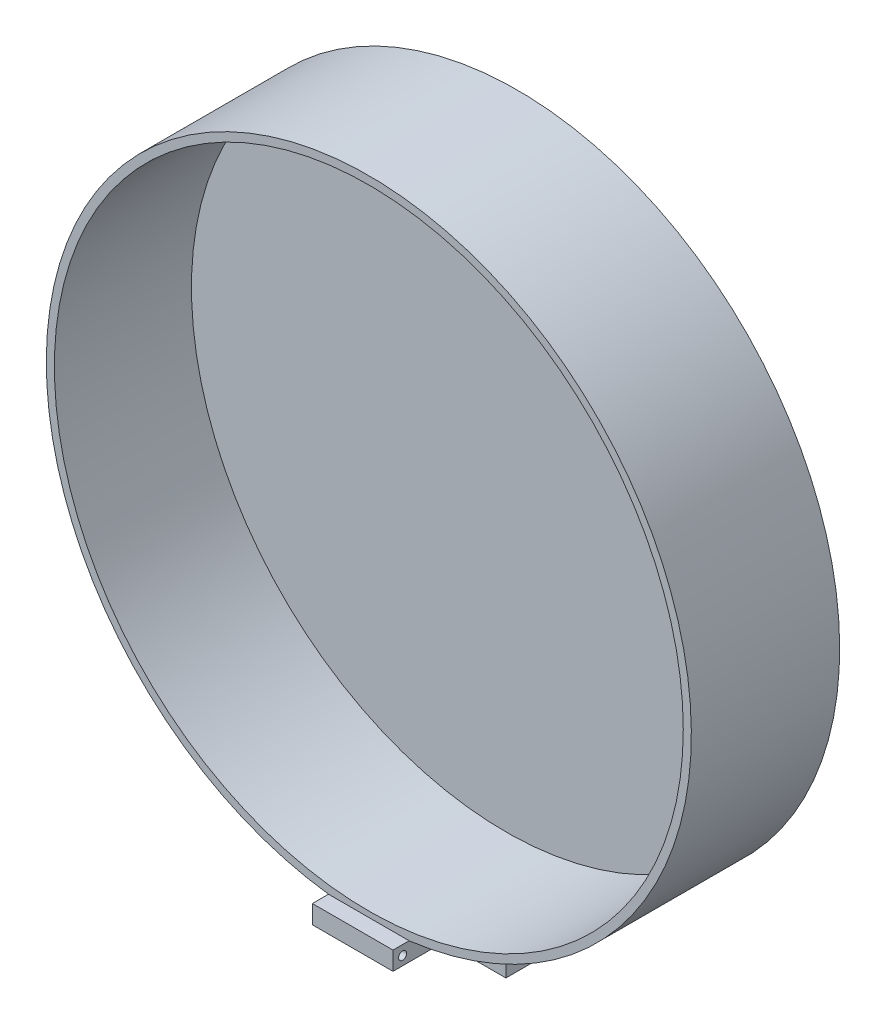
ISO-10303-21;
HEADER;
FILE_DESCRIPTION(('STEP AP214'),'2;1');
FILE_NAME('part.step','',(''),(''),'','','');
FILE_SCHEMA(('AUTOMOTIVE_DESIGN { 1 0 10303 214 1 1 1 1 }'));
ENDSEC;
DATA;
#1=APPLICATION_CONTEXT('core data for automotive mechanical design processes');
#2=APPLICATION_PROTOCOL_DEFINITION('international standard','automotive_design',2000,#1);
#3=PRODUCT_CONTEXT('',#1,'mechanical');
#4=PRODUCT('Part','Part','',(#3));
#5=PRODUCT_RELATED_PRODUCT_CATEGORY('part','',(#4));
#6=PRODUCT_DEFINITION_FORMATION('','',#4);
#7=PRODUCT_DEFINITION_CONTEXT('part definition',#1,'design');
#8=PRODUCT_DEFINITION('design','',#6,#7);
#9=PRODUCT_DEFINITION_SHAPE('','',#8);
#10=(LENGTH_UNIT() NAMED_UNIT(*) SI_UNIT(.MILLI.,.METRE.));
#11=(NAMED_UNIT(*) PLANE_ANGLE_UNIT() SI_UNIT($,.RADIAN.));
#12=(NAMED_UNIT(*) SI_UNIT($,.STERADIAN.) SOLID_ANGLE_UNIT());
#13=UNCERTAINTY_MEASURE_WITH_UNIT(LENGTH_MEASURE(1.E-05),#10,'distance_accuracy_value','');
#14=(GEOMETRIC_REPRESENTATION_CONTEXT(3) GLOBAL_UNCERTAINTY_ASSIGNED_CONTEXT((#13)) GLOBAL_UNIT_ASSIGNED_CONTEXT((#10,
#11,#12)) REPRESENTATION_CONTEXT('',''));
#15=CARTESIAN_POINT('',(0.,0.,0.));
#16=DIRECTION('',(0.,0.,1.));
#17=DIRECTION('',(1.,0.,0.));
#18=AXIS2_PLACEMENT_3D('',#15,#16,#17);
#19=CARTESIAN_POINT('',(6.35,63.1015624757804,23.368));
#20=DIRECTION('',(0.,0.,-1.));
#21=DIRECTION('',(-1.,0.,0.));
#22=AXIS2_PLACEMENT_3D('',#19,#20,#21);
#23=PLANE('',#22);
#24=CARTESIAN_POINT('',(6.35,63.1015624757804,23.368));
#25=DIRECTION('',(0.,0.,1.));
#26=DIRECTION('',(1.,0.,0.));
#27=AXIS2_PLACEMENT_3D('',#24,#25,#26);
#28=CIRCLE('',#27,49.53);
#29=CARTESIAN_POINT('',(55.88,63.1015624757804,23.368));
#30=VERTEX_POINT('',#29);
#31=EDGE_CURVE('E166',#30,#30,#28,.T.);
#32=ORIENTED_EDGE('',*,*,#31,.F.);
#33=EDGE_LOOP('',(#32));
#34=FACE_BOUND('',#33,.T.);
#35=DIRECTION('',(-1.,0.,0.));
#36=VECTOR('',#35,1.);
#37=CARTESIAN_POINT('',(12.7,12.7,23.368));
#38=LINE('',#37,#36);
#39=CARTESIAN_POINT('',(12.7,12.7,23.368));
#40=VERTEX_POINT('',#39);
#41=CARTESIAN_POINT('',(0.,12.7,23.368));
#42=VERTEX_POINT('',#41);
#43=EDGE_CURVE('E59',#40,#42,#38,.T.);
#44=ORIENTED_EDGE('',*,*,#43,.F.);
#45=CARTESIAN_POINT('',(6.35,63.1015624757804,23.368));
#46=DIRECTION('',(0.,0.,1.));
#47=DIRECTION('',(-1.,0.,0.));
#48=AXIS2_PLACEMENT_3D('',#45,#46,#47);
#49=CIRCLE('',#48,50.8);
#50=EDGE_CURVE('E175',#40,#42,#49,.T.);
#51=ORIENTED_EDGE('',*,*,#50,.T.);
#52=EDGE_LOOP('',(#44,#51));
#53=FACE_BOUND('',#52,.T.);
#54=ADVANCED_FACE('F40',(#34,#53),#23,.F.);
#55=CARTESIAN_POINT('',(6.35,63.1015624757804,23.368));
#56=DIRECTION('',(0.,0.,-1.));
#57=DIRECTION('',(-1.,0.,0.));
#58=AXIS2_PLACEMENT_3D('',#55,#56,#57);
#59=CYLINDRICAL_SURFACE('',#58,50.8);
#60=DIRECTION('',(0.,0.,-1.));
#61=VECTOR('',#60,1.);
#62=CARTESIAN_POINT('',(0.,12.7,23.368));
#63=LINE('',#62,#61);
#64=CARTESIAN_POINT('',(0.,12.7,0.));
#65=VERTEX_POINT('',#64);
#66=EDGE_CURVE('E178',#42,#65,#63,.T.);
#67=ORIENTED_EDGE('',*,*,#66,.F.);
#68=ORIENTED_EDGE('',*,*,#50,.F.);
#69=DIRECTION('',(0.,0.,-1.));
#70=VECTOR('',#69,1.);
#71=CARTESIAN_POINT('',(12.7,12.7,23.368));
#72=LINE('',#71,#70);
#73=CARTESIAN_POINT('',(12.7,12.7,0.));
#74=VERTEX_POINT('',#73);
#75=EDGE_CURVE('E138',#40,#74,#72,.T.);
#76=ORIENTED_EDGE('',*,*,#75,.T.);
#77=CARTESIAN_POINT('',(6.35,63.1015624757804,0.));
#78=DIRECTION('',(0.,0.,1.));
#79=DIRECTION('',(-1.,0.,0.));
#80=AXIS2_PLACEMENT_3D('',#77,#78,#79);
#81=CIRCLE('',#80,50.8);
#82=EDGE_CURVE('E179',#74,#65,#81,.T.);
#83=ORIENTED_EDGE('',*,*,#82,.T.);
#84=EDGE_LOOP('',(#67,#68,#76,#83));
#85=FACE_BOUND('',#84,.T.);
#86=ADVANCED_FACE('F211',(#85),#59,.T.);
#87=CARTESIAN_POINT('',(6.35000000000002,63.1015624757805,8.128));
#88=DIRECTION('',(0.,0.,1.));
#89=DIRECTION('',(1.,0.,0.));
#90=AXIS2_PLACEMENT_3D('',#87,#88,#89);
#91=PLANE('',#90);
#92=DIRECTION('',(0.,1.,0.));
#93=VECTOR('',#92,1.);
#94=CARTESIAN_POINT('',(12.7,0.,8.128));
#95=LINE('',#94,#93);
#96=CARTESIAN_POINT('',(12.7,0.,8.128));
#97=VERTEX_POINT('',#96);
#98=CARTESIAN_POINT('',(12.7,9.79462133853612,8.128));
#99=VERTEX_POINT('',#98);
#100=EDGE_CURVE('E70',#97,#99,#95,.T.);
#101=ORIENTED_EDGE('',*,*,#100,.T.);
#102=DIRECTION('',(1.,0.,0.));
#103=VECTOR('',#102,1.);
#104=CARTESIAN_POINT('',(12.7,9.79462133853612,8.128));
#105=LINE('',#104,#103);
#106=CARTESIAN_POINT('',(0.,9.79462133853612,8.128));
#107=VERTEX_POINT('',#106);
#108=EDGE_CURVE('E141',#107,#99,#105,.T.);
#109=ORIENTED_EDGE('',*,*,#108,.F.);
#110=DIRECTION('',(0.,-1.,0.));
#111=VECTOR('',#110,1.);
#112=CARTESIAN_POINT('',(0.,12.7,8.128));
#113=LINE('',#112,#111);
#114=CARTESIAN_POINT('',(0.,0.,8.128));
#115=VERTEX_POINT('',#114);
#116=EDGE_CURVE('E158',#107,#115,#113,.T.);
#117=ORIENTED_EDGE('',*,*,#116,.T.);
#118=DIRECTION('',(1.,0.,0.));
#119=VECTOR('',#118,1.);
#120=CARTESIAN_POINT('',(0.,0.,8.128));
#121=LINE('',#120,#119);
#122=EDGE_CURVE('E161',#115,#97,#121,.T.);
#123=ORIENTED_EDGE('',*,*,#122,.T.);
#124=EDGE_LOOP('',(#101,#109,#117,#123));
#125=FACE_BOUND('',#124,.T.);
#126=ADVANCED_FACE('F218',(#125),#91,.T.);
#127=CARTESIAN_POINT('',(0.,0.,23.368));
#128=DIRECTION('',(1.,0.,0.));
#129=DIRECTION('',(0.,0.,-1.));
#130=AXIS2_PLACEMENT_3D('',#127,#128,#129);
#131=PLANE('',#130);
#132=CARTESIAN_POINT('',(0.,11.1892566071958,24.3948435976436));
#133=DIRECTION('',(-1.,0.,0.));
#134=DIRECTION('',(0.,0.,1.));
#135=AXIS2_PLACEMENT_3D('',#132,#133,#134);
#136=CIRCLE('',#135,0.634999999999999);
#137=CARTESIAN_POINT('',(0.,11.1892566071958,25.0298435976436));
#138=VERTEX_POINT('',#137);
#139=EDGE_CURVE('E241',#138,#138,#136,.T.);
#140=ORIENTED_EDGE('',*,*,#139,.F.);
#141=EDGE_LOOP('',(#140));
#142=FACE_BOUND('',#141,.T.);
#143=ORIENTED_EDGE('',*,*,#116,.F.);
#144=DIRECTION('',(0.,0.,-1.));
#145=VECTOR('',#144,1.);
#146=CARTESIAN_POINT('',(0.,9.79462133853612,36.3960936888898));
#147=LINE('',#146,#145);
#148=CARTESIAN_POINT('',(0.,9.79462133853612,25.908));
#149=VERTEX_POINT('',#148);
#150=EDGE_CURVE('E154',#149,#107,#147,.T.);
#151=ORIENTED_EDGE('',*,*,#150,.F.);
#152=DIRECTION('',(0.,-1.,0.));
#153=VECTOR('',#152,1.);
#154=CARTESIAN_POINT('',(0.,12.7,25.908));
#155=LINE('',#154,#153);
#156=CARTESIAN_POINT('',(0.,12.7,25.908));
#157=VERTEX_POINT('',#156);
#158=EDGE_CURVE('E125',#157,#149,#155,.T.);
#159=ORIENTED_EDGE('',*,*,#158,.F.);
#160=DIRECTION('',(0.,0.,-1.));
#161=VECTOR('',#160,1.);
#162=CARTESIAN_POINT('',(0.,12.7,25.908));
#163=LINE('',#162,#161);
#164=EDGE_CURVE('E120',#157,#42,#163,.T.);
#165=ORIENTED_EDGE('',*,*,#164,.T.);
#166=ORIENTED_EDGE('',*,*,#66,.T.);
#167=DIRECTION('',(0.,-1.,0.));
#168=VECTOR('',#167,1.);
#169=CARTESIAN_POINT('',(0.,0.,0.));
#170=LINE('',#169,#168);
#171=CARTESIAN_POINT('',(0.,0.,0.));
#172=VERTEX_POINT('',#171);
#173=EDGE_CURVE('E171',#65,#172,#170,.T.);
#174=ORIENTED_EDGE('',*,*,#173,.T.);
#175=DIRECTION('',(0.,0.,-1.));
#176=VECTOR('',#175,1.);
#177=CARTESIAN_POINT('',(0.,0.,23.368));
#178=LINE('',#177,#176);
#179=EDGE_CURVE('E11',#115,#172,#178,.T.);
#180=ORIENTED_EDGE('',*,*,#179,.F.);
#181=EDGE_LOOP('',(#143,#151,#159,#165,#166,#174,#180));
#182=FACE_BOUND('',#181,.T.);
#183=ADVANCED_FACE('F42',(#142,#182),#131,.F.);
#184=CARTESIAN_POINT('',(0.,0.,23.368));
#185=DIRECTION('',(0.,1.,0.));
#186=DIRECTION('',(0.,0.,1.));
#187=AXIS2_PLACEMENT_3D('',#184,#185,#186);
#188=PLANE('',#187);
#189=ORIENTED_EDGE('',*,*,#122,.F.);
#190=ORIENTED_EDGE('',*,*,#179,.T.);
#191=DIRECTION('',(1.,0.,0.));
#192=VECTOR('',#191,1.);
#193=CARTESIAN_POINT('',(0.,0.,0.));
#194=LINE('',#193,#192);
#195=CARTESIAN_POINT('',(12.7,0.,0.));
#196=VERTEX_POINT('',#195);
#197=EDGE_CURVE('E183',#172,#196,#194,.T.);
#198=ORIENTED_EDGE('',*,*,#197,.T.);
#199=DIRECTION('',(0.,0.,-1.));
#200=VECTOR('',#199,1.);
#201=CARTESIAN_POINT('',(12.7,0.,23.368));
#202=LINE('',#201,#200);
#203=EDGE_CURVE('E50',#97,#196,#202,.T.);
#204=ORIENTED_EDGE('',*,*,#203,.F.);
#205=EDGE_LOOP('',(#189,#190,#198,#204));
#206=FACE_BOUND('',#205,.T.);
#207=ADVANCED_FACE('F204',(#206),#188,.F.);
#208=CARTESIAN_POINT('',(12.7,0.,23.368));
#209=DIRECTION('',(-1.,0.,0.));
#210=DIRECTION('',(0.,0.,1.));
#211=AXIS2_PLACEMENT_3D('',#208,#209,#210);
#212=PLANE('',#211);
#213=CARTESIAN_POINT('',(12.7,11.1892566071958,24.3948435976436));
#214=DIRECTION('',(-1.,0.,0.));
#215=DIRECTION('',(0.,0.,1.));
#216=AXIS2_PLACEMENT_3D('',#213,#214,#215);
#217=CIRCLE('',#216,0.634999999999999);
#218=CARTESIAN_POINT('',(12.7,11.1892566071958,25.0298435976436));
#219=VERTEX_POINT('',#218);
#220=EDGE_CURVE('E44',#219,#219,#217,.T.);
#221=ORIENTED_EDGE('',*,*,#220,.T.);
#222=EDGE_LOOP('',(#221));
#223=FACE_BOUND('',#222,.T.);
#224=ORIENTED_EDGE('',*,*,#100,.F.);
#225=ORIENTED_EDGE('',*,*,#203,.T.);
#226=DIRECTION('',(0.,1.,0.));
#227=VECTOR('',#226,1.);
#228=CARTESIAN_POINT('',(12.7,0.,0.));
#229=LINE('',#228,#227);
#230=EDGE_CURVE('E187',#196,#74,#229,.T.);
#231=ORIENTED_EDGE('',*,*,#230,.T.);
#232=ORIENTED_EDGE('',*,*,#75,.F.);
#233=DIRECTION('',(0.,0.,-1.));
#234=VECTOR('',#233,1.);
#235=CARTESIAN_POINT('',(12.7,12.7,25.908));
#236=LINE('',#235,#234);
#237=CARTESIAN_POINT('',(12.7,12.7,25.908));
#238=VERTEX_POINT('',#237);
#239=EDGE_CURVE('E118',#238,#40,#236,.T.);
#240=ORIENTED_EDGE('',*,*,#239,.F.);
#241=DIRECTION('',(0.,1.,0.));
#242=VECTOR('',#241,1.);
#243=CARTESIAN_POINT('',(12.7,9.79462133853612,25.908));
#244=LINE('',#243,#242);
#245=CARTESIAN_POINT('',(12.7,9.79462133853612,25.908));
#246=VERTEX_POINT('',#245);
#247=EDGE_CURVE('E126',#246,#238,#244,.T.);
#248=ORIENTED_EDGE('',*,*,#247,.F.);
#249=DIRECTION('',(0.,0.,-1.));
#250=VECTOR('',#249,1.);
#251=CARTESIAN_POINT('',(12.7,9.79462133853612,36.3960936888898));
#252=LINE('',#251,#250);
#253=EDGE_CURVE('E146',#246,#99,#252,.T.);
#254=ORIENTED_EDGE('',*,*,#253,.T.);
#255=EDGE_LOOP('',(#224,#225,#231,#232,#240,#248,#254));
#256=FACE_BOUND('',#255,.T.);
#257=ADVANCED_FACE('F136',(#223,#256),#212,.F.);
#258=CARTESIAN_POINT('',(6.35,63.1015624757804,0.));
#259=DIRECTION('',(0.,0.,-1.));
#260=DIRECTION('',(-1.,0.,0.));
#261=AXIS2_PLACEMENT_3D('',#258,#259,#260);
#262=PLANE('',#261);
#263=ORIENTED_EDGE('',*,*,#173,.F.);
#264=ORIENTED_EDGE('',*,*,#82,.F.);
#265=ORIENTED_EDGE('',*,*,#230,.F.);
#266=ORIENTED_EDGE('',*,*,#197,.F.);
#267=EDGE_LOOP('',(#263,#264,#265,#266));
#268=FACE_BOUND('',#267,.T.);
#269=ADVANCED_FACE('F208',(#268),#262,.T.);
#270=CARTESIAN_POINT('',(6.35,63.1015624757804,1.778));
#271=DIRECTION('',(0.,0.,1.));
#272=DIRECTION('',(1.,0.,0.));
#273=AXIS2_PLACEMENT_3D('',#270,#271,#272);
#274=CYLINDRICAL_SURFACE('',#273,49.53);
#275=CARTESIAN_POINT('',(6.35,63.1015624757804,1.778));
#276=DIRECTION('',(0.,0.,1.));
#277=DIRECTION('',(1.,0.,0.));
#278=AXIS2_PLACEMENT_3D('',#275,#276,#277);
#279=CIRCLE('',#278,49.53);
#280=CARTESIAN_POINT('',(55.88,63.1015624757804,1.778));
#281=VERTEX_POINT('',#280);
#282=EDGE_CURVE('E167',#281,#281,#279,.T.);
#283=ORIENTED_EDGE('',*,*,#282,.F.);
#284=EDGE_LOOP('',(#283));
#285=FACE_BOUND('',#284,.T.);
#286=ORIENTED_EDGE('',*,*,#31,.T.);
#287=EDGE_LOOP('',(#286));
#288=FACE_BOUND('',#287,.T.);
#289=ADVANCED_FACE('F223',(#285,#288),#274,.F.);
#290=CARTESIAN_POINT('',(6.35,63.1015624757804,1.778));
#291=DIRECTION('',(0.,0.,1.));
#292=DIRECTION('',(1.,0.,0.));
#293=AXIS2_PLACEMENT_3D('',#290,#291,#292);
#294=PLANE('',#293);
#295=ORIENTED_EDGE('',*,*,#282,.T.);
#296=EDGE_LOOP('',(#295));
#297=FACE_BOUND('',#296,.T.);
#298=ADVANCED_FACE('F267',(#297),#294,.T.);
#299=CARTESIAN_POINT('',(12.7,9.79462133853612,36.3960936888898));
#300=DIRECTION('',(0.,1.,0.));
#301=DIRECTION('',(0.,0.,1.));
#302=AXIS2_PLACEMENT_3D('',#299,#300,#301);
#303=PLANE('',#302);
#304=ORIENTED_EDGE('',*,*,#253,.F.);
#305=DIRECTION('',(1.,0.,0.));
#306=VECTOR('',#305,1.);
#307=CARTESIAN_POINT('',(0.,9.79462133853612,25.908));
#308=LINE('',#307,#306);
#309=EDGE_CURVE('E132',#149,#246,#308,.T.);
#310=ORIENTED_EDGE('',*,*,#309,.F.);
#311=ORIENTED_EDGE('',*,*,#150,.T.);
#312=ORIENTED_EDGE('',*,*,#108,.T.);
#313=EDGE_LOOP('',(#304,#310,#311,#312));
#314=FACE_BOUND('',#313,.T.);
#315=ADVANCED_FACE('F244',(#314),#303,.F.);
#316=CARTESIAN_POINT('',(12.7,12.7,25.908));
#317=DIRECTION('',(0.,-1.,0.));
#318=DIRECTION('',(1.,0.,0.));
#319=AXIS2_PLACEMENT_3D('',#316,#317,#318);
#320=PLANE('',#319);
#321=ORIENTED_EDGE('',*,*,#43,.T.);
#322=ORIENTED_EDGE('',*,*,#164,.F.);
#323=DIRECTION('',(-1.,0.,0.));
#324=VECTOR('',#323,1.);
#325=CARTESIAN_POINT('',(12.7,12.7,25.908));
#326=LINE('',#325,#324);
#327=EDGE_CURVE('E114',#238,#157,#326,.T.);
#328=ORIENTED_EDGE('',*,*,#327,.F.);
#329=ORIENTED_EDGE('',*,*,#239,.T.);
#330=EDGE_LOOP('',(#321,#322,#328,#329));
#331=FACE_BOUND('',#330,.T.);
#332=ADVANCED_FACE('F116',(#331),#320,.F.);
#333=CARTESIAN_POINT('',(0.,0.,25.908));
#334=DIRECTION('',(0.,0.,1.));
#335=DIRECTION('',(1.,0.,0.));
#336=AXIS2_PLACEMENT_3D('',#333,#334,#335);
#337=PLANE('',#336);
#338=ORIENTED_EDGE('',*,*,#247,.T.);
#339=ORIENTED_EDGE('',*,*,#327,.T.);
#340=ORIENTED_EDGE('',*,*,#158,.T.);
#341=ORIENTED_EDGE('',*,*,#309,.T.);
#342=EDGE_LOOP('',(#338,#339,#340,#341));
#343=FACE_BOUND('',#342,.T.);
#344=ADVANCED_FACE('F130',(#343),#337,.T.);
#345=CARTESIAN_POINT('',(57.15,11.1892566071958,24.3948435976436));
#346=DIRECTION('',(-1.,0.,0.));
#347=DIRECTION('',(0.,0.,1.));
#348=AXIS2_PLACEMENT_3D('',#345,#346,#347);
#349=CYLINDRICAL_SURFACE('',#348,0.634999999999999);
#350=ORIENTED_EDGE('',*,*,#139,.T.);
#351=EDGE_LOOP('',(#350));
#352=FACE_BOUND('',#351,.T.);
#353=ORIENTED_EDGE('',*,*,#220,.F.);
#354=EDGE_LOOP('',(#353));
#355=FACE_BOUND('',#354,.T.);
#356=ADVANCED_FACE('F255',(#352,#355),#349,.F.);
#357=CLOSED_SHELL('',(#54,#86,#126,#183,#207,#257,#269,#289,#298,#315,#332,#344,#356));
#358=MANIFOLD_SOLID_BREP('B2',#357);
#359=ADVANCED_BREP_SHAPE_REPRESENTATION('',(#18,#358),#14);
#360=SHAPE_DEFINITION_REPRESENTATION(#9,#359);
ENDSEC;
END-ISO-10303-21;
--------------------
## EXERCISE AIM
Within the listing above, locate the line containing "#100=EDGE_CURVE('E70',#97,#99,#95,.T.);" and the line containing "#117=ORIENTED_EDGE('',*,*,#116,.T.);". Reproduce those two lines and all lines between them exactly, with nothing added.

## ANSWER BELOW
#100=EDGE_CURVE('E70',#97,#99,#95,.T.);
#101=ORIENTED_EDGE('',*,*,#100,.T.);
#102=DIRECTION('',(1.,0.,0.));
#103=VECTOR('',#102,1.);
#104=CARTESIAN_POINT('',(12.7,9.79462133853612,8.128));
#105=LINE('',#104,#103);
#106=CARTESIAN_POINT('',(0.,9.79462133853612,8.128));
#107=VERTEX_POINT('',#106);
#108=EDGE_CURVE('E141',#107,#99,#105,.T.);
#109=ORIENTED_EDGE('',*,*,#108,.F.);
#110=DIRECTION('',(0.,-1.,0.));
#111=VECTOR('',#110,1.);
#112=CARTESIAN_POINT('',(0.,12.7,8.128));
#113=LINE('',#112,#111);
#114=CARTESIAN_POINT('',(0.,0.,8.128));
#115=VERTEX_POINT('',#114);
#116=EDGE_CURVE('E158',#107,#115,#113,.T.);
#117=ORIENTED_EDGE('',*,*,#116,.T.);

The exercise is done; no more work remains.